EuclideanClustering¶
- class EuclideanClustering[source]¶
Bases:
etna.clustering.hierarchical.base.HierarchicalClustering
Hierarchical clustering with euclidean distance.
Examples
>>> from etna.clustering import EuclideanClustering >>> from etna.datasets import TSDataset >>> from etna.datasets import generate_ar_df >>> ts = generate_ar_df(periods = 40, start_time = "2000-01-01", n_segments = 10) >>> ts = TSDataset(TSDataset.to_dataset(ts), freq="D") >>> model = EuclideanClustering() >>> model.build_distance_matrix(ts) >>> model.build_clustering_algo(n_clusters=3, linkage="average") >>> segment2cluster = model.fit_predict() >>> segment2cluster {'segment_0': 2, 'segment_1': 1, 'segment_2': 0, 'segment_3': 1, 'segment_4': 1, 'segment_5': 0, 'segment_6': 0, 'segment_7': 0, 'segment_8': 2, 'segment_9': 2}
Create instance of EuclideanClustering.
- Inherited-members
Methods
build_clustering_algo
([n_clusters, linkage])Build clustering algo (see
sklearn.cluster.AgglomerativeClustering
) with given params.Build distance matrix with euclidean distance.
Fit clustering algorithm and predict clusters according to distance matrix build.
get_centroids
(**averaging_kwargs)Get centroids of clusters.
set_params
(**params)Return new object instance with modified parameters.
to_dict
()Collect all information about etna object in dict.

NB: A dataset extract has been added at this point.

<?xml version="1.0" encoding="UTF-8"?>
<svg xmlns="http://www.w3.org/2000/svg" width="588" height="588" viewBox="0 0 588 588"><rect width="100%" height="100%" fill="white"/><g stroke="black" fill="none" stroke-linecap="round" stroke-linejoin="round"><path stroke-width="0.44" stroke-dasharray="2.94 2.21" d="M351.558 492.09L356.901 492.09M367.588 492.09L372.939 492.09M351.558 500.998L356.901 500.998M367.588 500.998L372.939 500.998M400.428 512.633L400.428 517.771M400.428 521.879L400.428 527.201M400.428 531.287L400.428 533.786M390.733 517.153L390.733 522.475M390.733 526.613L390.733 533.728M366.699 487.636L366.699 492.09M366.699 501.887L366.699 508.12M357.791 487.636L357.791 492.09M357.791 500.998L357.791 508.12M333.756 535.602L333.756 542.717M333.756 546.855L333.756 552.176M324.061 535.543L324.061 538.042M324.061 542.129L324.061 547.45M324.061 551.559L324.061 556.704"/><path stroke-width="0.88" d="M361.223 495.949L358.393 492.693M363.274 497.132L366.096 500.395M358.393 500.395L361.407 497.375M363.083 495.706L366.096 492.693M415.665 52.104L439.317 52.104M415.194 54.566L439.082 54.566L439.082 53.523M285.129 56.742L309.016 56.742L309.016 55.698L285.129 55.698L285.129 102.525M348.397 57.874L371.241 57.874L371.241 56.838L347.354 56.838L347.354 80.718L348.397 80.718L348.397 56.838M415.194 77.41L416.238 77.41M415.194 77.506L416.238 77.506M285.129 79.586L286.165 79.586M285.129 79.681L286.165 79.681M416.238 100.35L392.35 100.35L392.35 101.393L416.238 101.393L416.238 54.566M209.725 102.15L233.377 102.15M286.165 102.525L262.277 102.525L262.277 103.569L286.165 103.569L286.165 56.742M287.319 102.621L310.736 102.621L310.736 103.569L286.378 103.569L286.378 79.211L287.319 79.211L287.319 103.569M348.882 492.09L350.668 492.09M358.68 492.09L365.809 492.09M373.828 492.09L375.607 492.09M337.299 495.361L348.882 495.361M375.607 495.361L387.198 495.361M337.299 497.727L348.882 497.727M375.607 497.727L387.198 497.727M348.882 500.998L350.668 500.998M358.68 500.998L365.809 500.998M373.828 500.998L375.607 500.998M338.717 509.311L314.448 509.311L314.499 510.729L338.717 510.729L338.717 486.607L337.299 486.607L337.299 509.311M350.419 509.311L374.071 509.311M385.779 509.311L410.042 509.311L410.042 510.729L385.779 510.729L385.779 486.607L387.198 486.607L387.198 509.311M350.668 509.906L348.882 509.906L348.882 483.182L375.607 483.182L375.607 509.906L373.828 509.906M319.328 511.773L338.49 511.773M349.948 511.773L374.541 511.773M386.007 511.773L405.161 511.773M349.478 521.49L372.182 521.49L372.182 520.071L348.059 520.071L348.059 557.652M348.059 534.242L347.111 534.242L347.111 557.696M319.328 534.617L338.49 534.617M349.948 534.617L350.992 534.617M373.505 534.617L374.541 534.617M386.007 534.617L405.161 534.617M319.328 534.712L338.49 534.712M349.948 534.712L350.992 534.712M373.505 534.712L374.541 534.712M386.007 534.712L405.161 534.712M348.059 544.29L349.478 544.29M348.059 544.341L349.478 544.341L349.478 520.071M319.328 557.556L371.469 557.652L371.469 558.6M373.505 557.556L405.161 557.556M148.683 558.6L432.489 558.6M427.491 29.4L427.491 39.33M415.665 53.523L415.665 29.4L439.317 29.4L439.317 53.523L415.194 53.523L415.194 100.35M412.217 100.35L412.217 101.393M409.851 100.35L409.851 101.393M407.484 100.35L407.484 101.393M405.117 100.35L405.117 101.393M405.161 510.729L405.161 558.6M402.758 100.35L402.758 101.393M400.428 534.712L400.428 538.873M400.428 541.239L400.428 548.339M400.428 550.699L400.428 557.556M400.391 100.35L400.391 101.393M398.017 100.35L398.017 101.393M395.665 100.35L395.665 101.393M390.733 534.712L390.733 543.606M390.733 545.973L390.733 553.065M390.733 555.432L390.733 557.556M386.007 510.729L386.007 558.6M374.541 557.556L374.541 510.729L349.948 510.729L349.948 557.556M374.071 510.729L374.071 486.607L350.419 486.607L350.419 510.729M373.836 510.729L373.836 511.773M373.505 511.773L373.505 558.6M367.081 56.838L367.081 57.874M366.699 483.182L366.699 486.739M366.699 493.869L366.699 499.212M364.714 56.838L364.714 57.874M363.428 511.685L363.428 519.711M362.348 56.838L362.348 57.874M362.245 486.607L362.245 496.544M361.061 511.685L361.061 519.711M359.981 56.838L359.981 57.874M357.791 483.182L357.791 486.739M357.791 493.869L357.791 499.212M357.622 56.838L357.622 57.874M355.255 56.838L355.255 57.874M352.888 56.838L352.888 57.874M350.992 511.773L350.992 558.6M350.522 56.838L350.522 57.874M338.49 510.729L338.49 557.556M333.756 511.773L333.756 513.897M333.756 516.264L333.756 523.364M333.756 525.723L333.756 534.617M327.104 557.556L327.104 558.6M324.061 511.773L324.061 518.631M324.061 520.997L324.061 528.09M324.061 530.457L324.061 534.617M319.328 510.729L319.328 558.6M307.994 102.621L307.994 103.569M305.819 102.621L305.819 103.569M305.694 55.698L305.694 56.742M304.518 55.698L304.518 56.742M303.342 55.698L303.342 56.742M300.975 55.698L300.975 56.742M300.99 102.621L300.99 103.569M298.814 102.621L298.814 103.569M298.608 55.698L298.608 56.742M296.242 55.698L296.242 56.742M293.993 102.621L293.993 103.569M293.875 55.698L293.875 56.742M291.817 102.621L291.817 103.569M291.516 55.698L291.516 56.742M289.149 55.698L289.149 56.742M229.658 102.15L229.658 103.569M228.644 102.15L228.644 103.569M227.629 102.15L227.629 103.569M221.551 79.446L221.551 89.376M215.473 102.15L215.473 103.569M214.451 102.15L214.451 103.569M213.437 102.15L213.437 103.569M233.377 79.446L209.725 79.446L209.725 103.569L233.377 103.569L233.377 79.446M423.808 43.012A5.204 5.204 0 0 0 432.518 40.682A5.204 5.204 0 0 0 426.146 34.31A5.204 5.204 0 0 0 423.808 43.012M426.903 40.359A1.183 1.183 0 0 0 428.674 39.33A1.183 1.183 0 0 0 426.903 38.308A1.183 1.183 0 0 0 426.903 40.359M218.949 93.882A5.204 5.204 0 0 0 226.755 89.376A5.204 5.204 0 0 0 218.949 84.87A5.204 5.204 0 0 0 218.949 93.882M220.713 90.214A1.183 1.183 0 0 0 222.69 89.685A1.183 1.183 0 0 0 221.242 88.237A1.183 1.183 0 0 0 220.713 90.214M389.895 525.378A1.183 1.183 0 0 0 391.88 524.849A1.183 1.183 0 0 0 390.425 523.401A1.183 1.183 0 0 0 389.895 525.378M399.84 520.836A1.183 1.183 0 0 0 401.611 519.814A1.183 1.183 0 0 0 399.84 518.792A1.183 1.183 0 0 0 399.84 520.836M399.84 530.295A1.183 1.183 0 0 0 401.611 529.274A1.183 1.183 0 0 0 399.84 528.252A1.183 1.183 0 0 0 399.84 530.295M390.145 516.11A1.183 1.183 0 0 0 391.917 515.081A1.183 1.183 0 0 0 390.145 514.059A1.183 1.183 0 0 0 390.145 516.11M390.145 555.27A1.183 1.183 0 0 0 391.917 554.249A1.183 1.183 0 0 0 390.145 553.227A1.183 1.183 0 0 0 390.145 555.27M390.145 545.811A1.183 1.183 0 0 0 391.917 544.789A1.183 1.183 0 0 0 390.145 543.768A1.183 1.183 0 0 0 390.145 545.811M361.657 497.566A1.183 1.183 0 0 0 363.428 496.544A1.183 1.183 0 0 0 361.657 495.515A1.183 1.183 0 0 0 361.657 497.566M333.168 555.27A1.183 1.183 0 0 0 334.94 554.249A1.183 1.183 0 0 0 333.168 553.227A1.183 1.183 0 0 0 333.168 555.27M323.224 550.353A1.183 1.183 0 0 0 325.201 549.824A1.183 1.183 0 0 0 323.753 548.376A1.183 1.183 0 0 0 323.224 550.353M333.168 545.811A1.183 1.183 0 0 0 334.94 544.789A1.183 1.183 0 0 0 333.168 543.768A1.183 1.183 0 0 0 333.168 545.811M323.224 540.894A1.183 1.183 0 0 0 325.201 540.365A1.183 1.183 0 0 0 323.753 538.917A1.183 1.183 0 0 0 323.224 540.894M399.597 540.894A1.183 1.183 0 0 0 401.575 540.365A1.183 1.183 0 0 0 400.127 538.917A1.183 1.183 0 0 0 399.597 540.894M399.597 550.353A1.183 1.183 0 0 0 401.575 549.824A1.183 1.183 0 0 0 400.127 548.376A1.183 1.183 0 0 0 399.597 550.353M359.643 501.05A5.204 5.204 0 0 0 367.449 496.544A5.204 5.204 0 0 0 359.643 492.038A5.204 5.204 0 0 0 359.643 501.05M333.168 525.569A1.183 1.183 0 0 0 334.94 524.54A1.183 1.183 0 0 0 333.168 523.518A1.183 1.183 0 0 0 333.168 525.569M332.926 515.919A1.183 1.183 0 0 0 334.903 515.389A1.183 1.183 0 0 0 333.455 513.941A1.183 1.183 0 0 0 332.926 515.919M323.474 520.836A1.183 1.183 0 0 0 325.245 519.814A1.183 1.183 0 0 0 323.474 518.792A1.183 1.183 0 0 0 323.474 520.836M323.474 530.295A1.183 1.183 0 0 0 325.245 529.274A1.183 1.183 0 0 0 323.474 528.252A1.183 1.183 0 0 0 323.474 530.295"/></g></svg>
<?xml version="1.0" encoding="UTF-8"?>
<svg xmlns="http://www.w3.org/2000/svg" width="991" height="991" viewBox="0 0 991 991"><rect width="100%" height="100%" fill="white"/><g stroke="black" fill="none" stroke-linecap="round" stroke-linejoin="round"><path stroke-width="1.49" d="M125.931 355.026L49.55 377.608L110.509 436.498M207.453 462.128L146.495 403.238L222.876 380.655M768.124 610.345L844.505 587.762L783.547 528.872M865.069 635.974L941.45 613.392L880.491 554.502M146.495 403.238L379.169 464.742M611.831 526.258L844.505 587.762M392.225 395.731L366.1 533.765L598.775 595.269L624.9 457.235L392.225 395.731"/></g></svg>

- build_clustering_algo(n_clusters: int = 30, linkage: Union[str, etna.clustering.hierarchical.base.ClusteringLinkageMode] = ClusteringLinkageMode.average, **clustering_algo_params)¶
Build clustering algo (see
sklearn.cluster.AgglomerativeClustering
) with given params.- Parameters
n_clusters (int) – number of clusters to build
linkage (Union[str, etna.clustering.hierarchical.base.ClusteringLinkageMode]) – rule for distance computation for new clusters, allowed “ward”, “single”, “average”, “maximum”, “complete”
Notes
Note that it will reset previous results of clustering in case of reinit algo.
- build_distance_matrix(ts: TSDataset)[source]¶
Build distance matrix with euclidean distance.
- Parameters
ts (TSDataset) – TSDataset with series to build distance matrix
- fit_predict() Dict[str, int] ¶
Fit clustering algorithm and predict clusters according to distance matrix build.
- Returns
dict in format {segment: cluster}
- Return type
Dict[str, int]
- get_centroids(**averaging_kwargs) pandas.core.frame.DataFrame ¶
Get centroids of clusters.
- Returns
dataframe with centroids
- Return type
pd.DataFrame
- set_params(**params: dict) etna.core.mixins.TMixin ¶
Return new object instance with modified parameters.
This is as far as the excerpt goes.